--- On Wed, 12/8/09, Fabio Zona wrote:
> I am in the unfortunate situation of running a regression
> analysis, whereby:
> - my dependent variable is a proportion (percentage of
> bonus on total compensation of top managers of 178
> corporations),
> - the majority (more than 50%) of my managers does not have
> any bonus, so the proportion is exact ZERO, that is, my
> dependent variable has many exact zeros.
>
> How can I estimate this model? do you know the command I
> should use in Stata?
> I know that I cannot use the fractional logit because I
> have many zeros. I have not found any zero-inflated logistic
> regression for situations whereby y are proportion
A zero inflated fractional logit model is hard to identify. A
zero-inflated beta is probably better, but there is obviously
a price (there is no such thing as a free lunch...), and that
is more restrictive assumptions.
Below is a quick stab at implementing such a model. I haven't
done any checking or certification on it, so it is up to you
to determine whether this is program actually does what it is
supposed to do.
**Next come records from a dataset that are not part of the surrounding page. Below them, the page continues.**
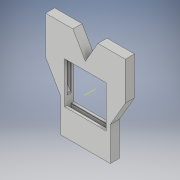
# Autodesk Inventor part: end door
Saved by Autodesk Inventor 2017 (Build 210142000, 142)
## iProperties
Created: 2018-03-09
Part Number: end door
Material: Generic
Document SubType Name: Modeling
Designer: Braxton
Density: 1 g/cm^3
Appearance: Default
Author: Braxton
Autodesk Inventor part; units mm, degrees
ref_plane "YZ Plane" through (0, 0, 0) normal (1, 0, 0) x (0, 1, 0)
ref_plane "XZ Plane" through (0, 0, 0) normal (0, 1, 0) x (-1, 0, 0)
ref_plane "XY Plane" through (0, 0, 0) normal (0, 0, 1) x (1, 0, 0)
sketch "Sketch1" plane through (0, 0, 0) normal (0, 0, 1) x (1, 0, 0)
  line L0 (0, 0) -> (2540, 0)
  line L1 (2540, 0) -> (2540, 2540)
  line L2 (2540, 2540) -> (0, 2540)
  line L3 (0, 2540) -> (0, 0)
  line L4 (-254, 2794) -> (2794, 2794)
  line L5 (2794, 2794) -> (2794, -254)
  line L6 (2794, -254) -> (-254, -254)
  line L7 (-254, -254) -> (-254, 2794)
  line L8 (1270, 0) -> (1270, 1270) construction
  dimension "d0" = 2540
  dimension "d1" = 2540
  dimension "d3" = 254
  dimension "d4" = 254
  dimension "d5" = 254
  dimension "d6" = 254
  dimension "d932" = 1270
  constraints: 18 end point, 4 perpendicular, 2 horizontal, 2 parallel, 1 midpoint, 1 vertical
  measures "d0" distance of L0.start L0.end
  measures "d1" distance of L0.end L1.end
  measures "d3" distance between parallel lines of L2 L4
  measures "d4" distance between parallel lines of L3 L7
  measures "d5" distance between parallel lines of L5 L1
  measures "d6" distance between parallel lines of L6 L0
  measures "d932" distance of L8.start L8.end
extrude "frame" add sketch "Sketch1" along normal mid plane 558.8
ref_plane "middle of part" through (0, 0, 0) normal (0, 0, 1) x (1, 0, 0)
sketch "Sketch8" plane through (0, 0, 0) normal (0, 0, 1) x (1, 0, 0)
  line L0 (2540, 0) -> (0, 0) projected
  line L1 (0, 0) -> (0, -254)
  line L2 (-254, -254) -> (2794, -254) projected
  line L3 (0, -254) -> (2540, -254)
  line L4 (2540, 2540) -> (2540, 0) projected
  line L5 (2540, -254) -> (2540, 0)
  line L6 (2540, 0) -> (0, 0)
  constraints: 8 end point, 3 perpendicular, 1 point on line, 1 vertical
extrude "door slot bottom" cut sketch "Sketch8" along normal mid plane 254
sketch "Sketch7" plane through (0, 0, 0) normal (0, 0, 1) x (1, 0, 0)
  line L0 (102.3298, 595.8453) -> (-251.9439, 1209.4654) construction
  line L1 (-254, -254) -> (-254, 2794) projected
  line L2 (1123.353, 2794) -> (-254, 2794)
  line L3 (-254, 2794) -> (-254, 976.7061)
  line L4 (-254, 976.7061) -> (-50.8, 624.7533)
  line L5 (0, 2540) -> (0, 0) projected
  line L6 (0, 536.7652) -> (0, 2540)
  line L7 (0, 2540) -> (1270, 2540)
  line L8 (1270, 1270) -> (1270, 1044.9425)
  line L9 (1270, 1270) -> (0, 536.7652)
  line L10 (1270, 1620.4707) -> (1270, 1965.6323) construction
  line L11 (1240.6706, 2590.8) -> (1123.353, 2794)
  line L12 (0, 536.7652) -> (-50.8, 536.7652)
  line L13 (-50.8, 536.7652) -> (-50.8, 624.7533)
  line L14 (2437.6702, 595.8453) -> (2791.9439, 1209.4654) construction
  line L15 (2794, -254) -> (2794, 2794)
  line L16 (1416.647, 2794) -> (2794, 2794)
  line L17 (2794, 2794) -> (2794, 976.7061)
  line L18 (2794, 976.7061) -> (2590.8, 624.7533)
  line L19 (2540, 2540) -> (2540, 0)
  line L20 (2540, 536.7652) -> (2540, 2540)
  line L21 (2540, 2540) -> (1270, 2540)
  line L22 (1270, 1270) -> (2540, 536.7652)
  line L23 (1299.3294, 2590.8) -> (1416.647, 2794)
  line L24 (2540, 536.7652) -> (2590.8, 536.7652)
  line L25 (2590.8, 536.7652) -> (2590.8, 624.7533)
  line L26 (1240.6706, 2590.8) -> (1299.3294, 2590.8)
  dimension "d878" = 60
  dimension "d889" = 50.8
  dimension "d901" = 50.8
  constraints: 50 end point, 11 symmetric about line, 4 point on line, 3 perpendicular, 2 horizontal, 2 parallel, 2 vertical, 1 collinear
  measures "d878" angle of L9 L8
  measures "d889" distance of L6.start L12.end
  measures "d901" distance between parallel lines of L7 L26
extrude "top left and right slots" cut sketch "Sketch7" along normal mid plane 254 contours L1 L2 L11 L26 L23 L16 L15 L18 L25 L24 L19 L21 L7 L5 L12 L13 L4
sketch "Sketch12" plane through (0, 0, 0) normal (0, 0, 1) x (1, 0, 0)
  line L0 (0, -25.4) -> (0, -50.8)
  line L1 (0, -254) -> (0, 0) projected
  line L2 (2540, 0) -> (2540, -254) projected
  line L3 (-50.8, 536.7652) -> (-50.8, 2540)
  line L4 (-50.8, 2540) -> (-25.4, 2540)
  line L5 (-25.4, 2540) -> (-25.4, 536.7652)
  line L6 (0, 2540) -> (0, 0) projected
  line L7 (-25.4, 536.7652) -> (-50.8, 536.7652)
  line L8 (0, 2565.4) -> (1270, 2565.4)
  line L9 (2540, 2540) -> (0, 2540) projected
  line L10 (0, 2565.4) -> (0, 2590.8)
  line L11 (0, 2590.8) -> (1270, 2590.8)
  line L12 (1270, 2247.8687) -> (1270, 725.8303) construction
  line L13 (0, -25.4) -> (1270, -25.4)
  line L14 (1270, -50.8) -> (0, -50.8)
  line L15 (2540, -25.4) -> (2540, -50.8)
  line L16 (2590.8, 536.7652) -> (2590.8, 2540)
  line L17 (2590.8, 2540) -> (2565.4, 2540)
  line L18 (2565.4, 2540) -> (2565.4, 536.7652)
  line L19 (2540, 2565.4) -> (1270, 2565.4)
  line L20 (0, 2540) -> (2540, 2540)
  line L21 (2540, 2565.4) -> (2540, 2590.8)
  line L22 (2540, 2590.8) -> (1270, 2590.8)
  line L23 (2540, -25.4) -> (1270, -25.4)
  line L24 (1270, -50.8) -> (2540, -50.8)
  line L25 (2590.8, 536.7652) -> (2540, 536.7652) projected
  line L26 (2565.4, 536.7652) -> (2590.8, 536.7652)
  line L27 (2540, 0) -> (2540, 2540) projected
  dimension "d890" = 25.4
  dimension "d891" = 25.4
  dimension "d893" = 25.4
  dimension "d894" = 25.4
  dimension "d895" = 25.4
  dimension "d902" = 2003.2348
  constraints: 44 end point, 10 symmetric about line, 3 perpendicular, 2 horizontal, 2 vertical, 1 collinear, 1 point on line
  measures "d890" distance between parallel lines of L6 L5
  measures "d891" distance between parallel lines of L5 L3
  measures "d893" distance of L8.start L10.end
  measures "d894" distance from line of L13 L1.end
  measures "d895" distance between parallel lines of L13 L14
  measures "d902" distance of L4.end L5.end
extrude "slots for hiding bars" cut sketch "Sketch12" along normal mid plane 508 contours L13 L23 L2 L24 L14 L0 | L3 L4 L5 L7 | L10 L11 L22 L21 L19 L8 | L25 L18 L17 L16
sketch "Sketch13" plane through (0, 0, 0) normal (0, 0, 1) x (1, 0, 0)
  line L0 (0, -254) -> (0, -50.8) projected
  line L1 (0, -50.8) -> (0, -1346.2)
  line L2 (0, -1346.2) -> (2540, -1346.2)
  line L3 (2540, -50.8) -> (2540, -254) projected
  line L4 (2540, -1346.2) -> (2540, -50.8)
  line L5 (2794, -254) -> (-254, -254) projected
  line L6 (2540, -50.8) -> (0, -50.8) projected
  line L7 (2540, -50.8) -> (0, -50.8)
  line L8 (-50.8, 624.7533) -> (-254, 976.7061) projected
  line L9 (0, 2590.8) -> (1240.6706, 2590.8) projected
  line L10 (507.4358, 4368.8) -> (-1163.2112, 4368.8)
  line L11 (-1163.2112, 4368.8) -> (-1163.2112, 2043.5061)
  line L12 (1270, 3756.6434) -> (1270, 722.7588) construction
  line L13 (2540, 2590.8) -> (1299.3294, 2590.8)
  line L14 (1123.353, 2794) -> (1240.6706, 2590.8) projected
  line L15 (-50.8, 116.7533) -> (-1163.2112, 2043.5061)
  line L16 (-50.8, 624.7533) -> (-909.2112, 2111.5652)
  line L17 (-909.2112, 2111.5652) -> (-909.2112, 4114.8)
  line L18 (-50.8, 536.7652) -> (-50.8, 2540) projected
  line L19 (360.7888, 4114.8) -> (-909.2112, 4114.8)
  line L20 (1240.6706, 2590.8) -> (360.7888, 4114.8)
  line L21 (507.4358, 4368.8) -> (1270, 3048)
  line L22 (0, -50.8) -> (-254, -50.8)
  line L23 (-254, -254) -> (-254, 2794) projected
  line L24 (-254, -50.8) -> (-254, -1600.2)
  line L25 (-254, -1600.2) -> (2794, -1600.2)
  line L26 (2794, -1600.2) -> (2794, -50.8)
  line L27 (2794, 2794) -> (2794, -254) projected
  line L28 (2540, -50.8) -> (2794, -50.8)
  line L29 (1240.6706, 2590.8) -> (1270, 2590.8)
  line L30 (0, 2590.8) -> (2540, 2590.8) projected
  line L31 (1270, 2590.8) -> (1270, 3048)
  line L32 (-50.8, 624.7533) -> (-50.8, 2540) projected
  line L33 (-50.8, 624.7533) -> (-50.8, 116.7533)
  line L34 (2032.5642, 4368.8) -> (3703.2112, 4368.8)
  line L35 (3703.2112, 4368.8) -> (3703.2112, 2043.5061)
  line L36 (1416.647, 2794) -> (1299.3294, 2590.8)
  line L37 (2590.8, 116.7533) -> (3703.2112, 2043.5061)
  line L38 (2590.8, 624.7533) -> (3449.2112, 2111.5652)
  line L39 (3449.2112, 2111.5652) -> (3449.2112, 4114.8)
  line L40 (2179.2112, 4114.8) -> (3449.2112, 4114.8)
  line L41 (1299.3294, 2590.8) -> (2179.2112, 4114.8)
  line L42 (2032.5642, 4368.8) -> (1270, 3048)
  line L43 (1299.3294, 2590.8) -> (1270, 2590.8)
  line L44 (2590.8, 624.7533) -> (2590.8, 116.7533)
  line L45 (2794, 2794) -> (-254, 2794) projected
  point P0 (0, 0)
  dimension "d903" = 1295.4
  dimension "d907" = 254
  dimension "d916" = 254
  dimension "d917" = 254
  dimension "d919" = 254
  dimension "d920" = 254
  dimension "d921" = 254
  dimension "d926" = 655.2112
  dimension "d927" = 1320.8
  constraints: 66 end point, 11 symmetric about line, 6 collinear, 6 perpendicular, 4 parallel, 4 point on line, 4 vertical, 2 horizontal, 1 midpoint
  measures "d903" distance of L0.end L1.end
  measures "d907" distance between parallel lines of L15 L8
  measures "d916" distance between parallel lines of L2 L25
  measures "d917" distance between parallel lines of L26 L4
  measures "d919" distance between parallel lines of L11 L17
  measures "d920" distance between parallel lines of L10 L19
  measures "d921" distance between parallel lines of L21 L20
  measures "d926" distance between parallel lines of L23 L17
  measures "d927" distance between parallel lines of L45 L19
extrude "door recieves" add sketch "Sketch13" along normal mid plane 558.8 contours L1 L2 L4 L5 L26 L25 L24 | L3 L28 L26 L5 | L23 L8 L18 L33 L15 | L15 L11 L10 L21 L31 L45 L20 L19 L17 L16 L23 | L37 L44 L38 L27 | L27 L38 L39 L40 L41 L45 L31 L42 L34 L35 L37 | L45 L31 L29 L14 | L36 L30 L31 L45
sketch "Sketch14" plane through (0, 0, 279.4) normal (0, 0, 1) x (1, 0, 0)
  line L0 (-254, 976.7061) -> (-909.2112, 2111.5652) projected
  line L1 (-909.2112, 2111.5652) -> (-909.2112, 4114.8) projected
  line L2 (-254, 976.7061) -> (-909.2112, 2111.5652)
  line L3 (-909.2112, 2111.5652) -> (-909.2112, 4114.8)
  line L4 (-909.2112, 4114.8) -> (360.7888, 4114.8)
  line L5 (-254, 2794) -> (1123.353, 2794) projected
  line L6 (360.7888, 4114.8) -> (1123.353, 2794)
  line L7 (1123.353, 2794) -> (-254, 2794)
  line L8 (-254, 2794) -> (-254, 976.7061)
  line L9 (3449.2112, 4114.8) -> (2179.2112, 4114.8) projected
  line L10 (1416.647, 2794) -> (2179.2112, 4114.8)
  line L11 (2179.2112, 4114.8) -> (3449.2112, 4114.8)
  line L12 (2794, 976.7061) -> (3449.2112, 2111.5652) projected
  line L13 (3449.2112, 4114.8) -> (3449.2112, 2111.5652)
  line L14 (2794, 2794) -> (2794, 976.7061) projected
  line L15 (3449.2112, 2111.5652) -> (2794, 976.7061)
  line L16 (2794, 976.7061) -> (2794, 2794)
  line L17 (2794, 2794) -> (1416.647, 2794)
  line L18 (2540, -254) -> (0, -254) projected
  line L19 (0, -1346.2) -> (0, -254) projected
  line L20 (0, -254) -> (0, -1346.2)
  line L21 (2540, -1346.2) -> (2540, -254) projected
  line L22 (0, -1346.2) -> (2540, -1346.2)
  line L23 (2540, -1346.2) -> (2540, -254)
  line L24 (2540, -254) -> (0, -254)
  point P0 (0, 0)
  constraints: 32 end point, 6 perpendicular, 5 collinear, 2 parallel, 1 vertical
extrude "front hide door" add sketch "Sketch14" against normal up to surface (152.4 mm away)
sketch "Sketch15" plane through (0, 0, -279.4) normal (0, 0, -1) x (-1, 0, 0)
  line L0 (-1416.647, 2794) -> (-2794, 2794) projected
  line L1 (-3449.2112, 4114.8) -> (-2179.2112, 4114.8) projected
  line L2 (-1416.647, 2794) -> (-2179.2112, 4114.8)
  line L3 (-2179.2112, 4114.8) -> (-3449.2112, 4114.8)
  line L4 (-3449.2112, 2111.5652) -> (-3449.2112, 4114.8) projected
  line L5 (-3449.2112, 4114.8) -> (-3449.2112, 2111.5652)
  line L6 (-3449.2112, 2111.5652) -> (-2794, 976.7061)
  line L7 (-2794, 976.7061) -> (-2794, 2794)
  line L8 (-2794, 2794) -> (-1416.647, 2794)
  line L9 (254, 2794) -> (-1123.353, 2794) projected
  line L10 (-360.7888, 4114.8) -> (909.2112, 4114.8) projected
  line L11 (-1123.353, 2794) -> (-360.7888, 4114.8)
  line L12 (-360.7888, 4114.8) -> (909.2112, 4114.8)
  line L13 (909.2112, 2111.5652) -> (254, 976.7061) projected
  line L14 (909.2112, 4114.8) -> (909.2112, 2111.5652)
  line L15 (909.2112, 2111.5652) -> (254, 976.7061)
  line L16 (254, 976.7061) -> (254, 2794) projected
  line L17 (254, 976.7061) -> (254, 2794)
  line L18 (254, 2794) -> (-1123.353, 2794)
  line L19 (0, -254) -> (0, -1346.2) projected
  line L20 (0, -254) -> (0, -1346.2)
  line L21 (0, -1346.2) -> (-2540, -1346.2) projected
  line L22 (0, -1346.2) -> (-2540, -1346.2)
  line L23 (-2540, -254) -> (0, -254) projected
  line L24 (-2540, -1346.2) -> (-2540, -254)
  line L25 (-2540, -254) -> (0, -254)
  point P0 (0, 0)
  constraints: 32 end point, 6 collinear, 5 perpendicular, 3 parallel
extrude "gap for door pieces" add sketch "Sketch15" against normal up to surface (152.4 mm away)
equation "\"d3\" = d4"
equation "\"d5\" = d4"
equation "\"d6\" = d4"
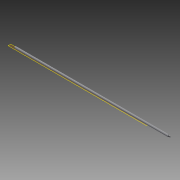
# Autodesk Inventor part: Rod
Saved by Autodesk Inventor 2015 (Build 190159000, 159)
## iProperties
Created: 2014-07-11
Part Number: Rod
Material: Generic
Document SubType Name: Modeling
Designer: jad211
Density: 1 g/cm^3
Appearance: Default
Author: jad211
Autodesk Inventor part; units mm, degrees
ref_plane "YZ Plane" through (0, 0, 0) normal (1, 0, 0) x (0, 1, 0)
ref_plane "XZ Plane" through (0, 0, 0) normal (0, 1, 0) x (-1, 0, 0)
sketch "Sketch1" plane through (0, 0, 0) normal (1, 0, 0) x (0, 1, 0)
  circle A0 centre (0, 0) radius 3
  dimension "d4" = 6
  constraints: 1 centre point
  measures "d4" diameter of A0
extrude "Extrusion1" add sketch "Sketch1" along normal blind 370
sketch "Sketch2" plane through (370, 0, 0) normal (1, 0, 0) x (0, 0, -1)
  circle A0 centre (0, 0) radius 2
  dimension "d5" = 4
  constraints: 1 centre point, 1 coincident
  measures "d5" diameter of A0
extrude "Extrusion2" add sketch "Sketch2" along normal blind 4
thread "Thread1" size "M4x0.7" class "6g" standard "ANSI Metric M Profile" full length
ref_plane "Work Plane1" through (0, 0, -3) normal (0, 0, 1) x (1, 0, 0)
sketch "Sketch3" plane through (0, 0, -3) normal (0, 0, 1) x (1, 0, 0)
  line L0 (374, 0.5) -> (368, 0.5)
  line L1 (368, 0.5) -> (368, -0.5)
  line L2 (368, -0.5) -> (374, -0.5)
  line L3 (374, -0.5) -> (374, 0.5)
  line L4 (374, 0.5) -> (368, -0.5) construction
  line L5 (368, 0.5) -> (374, -0.5) construction
  line L6 (374, -2) -> (374, 2) projected
  point P0 (0, 0)
  point P1 (371, 0)
  dimension "d10" = 1
  dimension "d11" = 6
  dimension "d18" = 0
  constraints: 12 end point, 3 perpendicular, 2 midpoint, 1 horizontal
  measures "d10" distance between parallel lines of L0 L2
  measures "d11" distance from line of L0.end L3
  measures "d18" distance between parallel lines of L6 L3
extrude "Extrusion3" cut sketch "Sketch3" along normal blind 1.5
sketch "Sketch4" plane through (0, 0, -3) normal (0, 0, 1) x (1, 0, 0)
  circle A0 centre (360, 0) radius 1
  line L0 (370, -3) -> (370, 3) projected
  point P0 (0, 0)
  point P1 (370, 0.5)
  point P2 (370, -0.5)
  dimension "d14" = 2
  dimension "d15" = 10
  constraints: 1 centre point
  measures "d14" diameter of A0
  measures "d15" distance from line of L0 A0.centre
extrude "Extrusion4" cut sketch "Sketch4" along normal up to next
body "Solid1"

As a first step I would build a simulated
dataset where you know what the parameters should be and
check whether this program actually finds those.
Hope this helps,
Maarten
*----------- begin example ---------------
clear
program drop _all
set more off
input prop str1 site variety
0.0005 A 1
0.0000 A 2
0.0000 A 3
0.0010 A 4
0.0025 A 5
0.0005 A 6
0.0050 A 7
0.0130 A 8
0.0150 A 9
0.0150 A 10
0.0000 B 1
0.0005 B 2
0.0005 B 3
0.0030 B 4
0.0075 B 5
0.0030 B 6
0.0300 B 7
0.0750 B 8
0.0100 B 9
0.1270 B 10
0.0125 C 1
0.0125 C 2
0.0250 C 3
0.1660 C 4
0.0250 C 5
0.0250 C 6
0.0000 C 7
0.2000 C 8
0.3750 C 9
0.2625 C 10
0.0250 D 1
0.0050 D 2
0.0001 D 3
0.0300 D 4
0.0250 D 5
0.0001 D 6
0.2500 D 7
0.5500 D 8
0.0500 D 9
0.4000 D 10
0.0550 E 1
0.0100 E 2
0.0600 E 3
0.0110 E 4
0.0250 E 5
0.0800 E 6
0.1650 E 7
0.2950 E 8
0.2000 E 9
0.4350 E 10
0.0100 F 1
0.0500 F 2
0.0500 F 3
0.0500 F 4
0.0500 F 5
0.0500 F 6
0.1000 F 7
0.0500 F 8
0.5000 F 9
0.7500 F 10
0.0500 G 1
0.0010 G 2
0.0500 G 3
0.0500 G 4
0.5000 G 5
0.1000 G 6
0.5000 G 7
0.2500 G 8
0.5000 G 9
0.7500 G 10
0.0500 H 1
0.1000 H 2
0.0500 H 3
0.0500 H 4
0.2500 H 5
0.7500 H 6
0.5000 H 7
0.7500 H 8
0.7500 H 9
0.7500 H 10
0.1750 I 1
0.2500 I 2
0.4250 I 3
0.5000 I 4
0.3750 I 5
0.9500 I 6
0.6250 I 7
0.9500 I 8
0.9500 I 9
0.9500 I 10
end
encode site, gen(sitenum)
gen byte left = sitenum <= 4
program define zibeta_lf
*! MLB 0.0.1 13 Aug 2009
version 8.2
args lnf logitmu lnphi zb
tempvar zero nonzero mu phi
quietly gen double `zero' = invlogit(`zb')
quietly gen double `nonzero' = invlogit(-`zb')
quietly gen double `mu' = invlogit(`logitmu')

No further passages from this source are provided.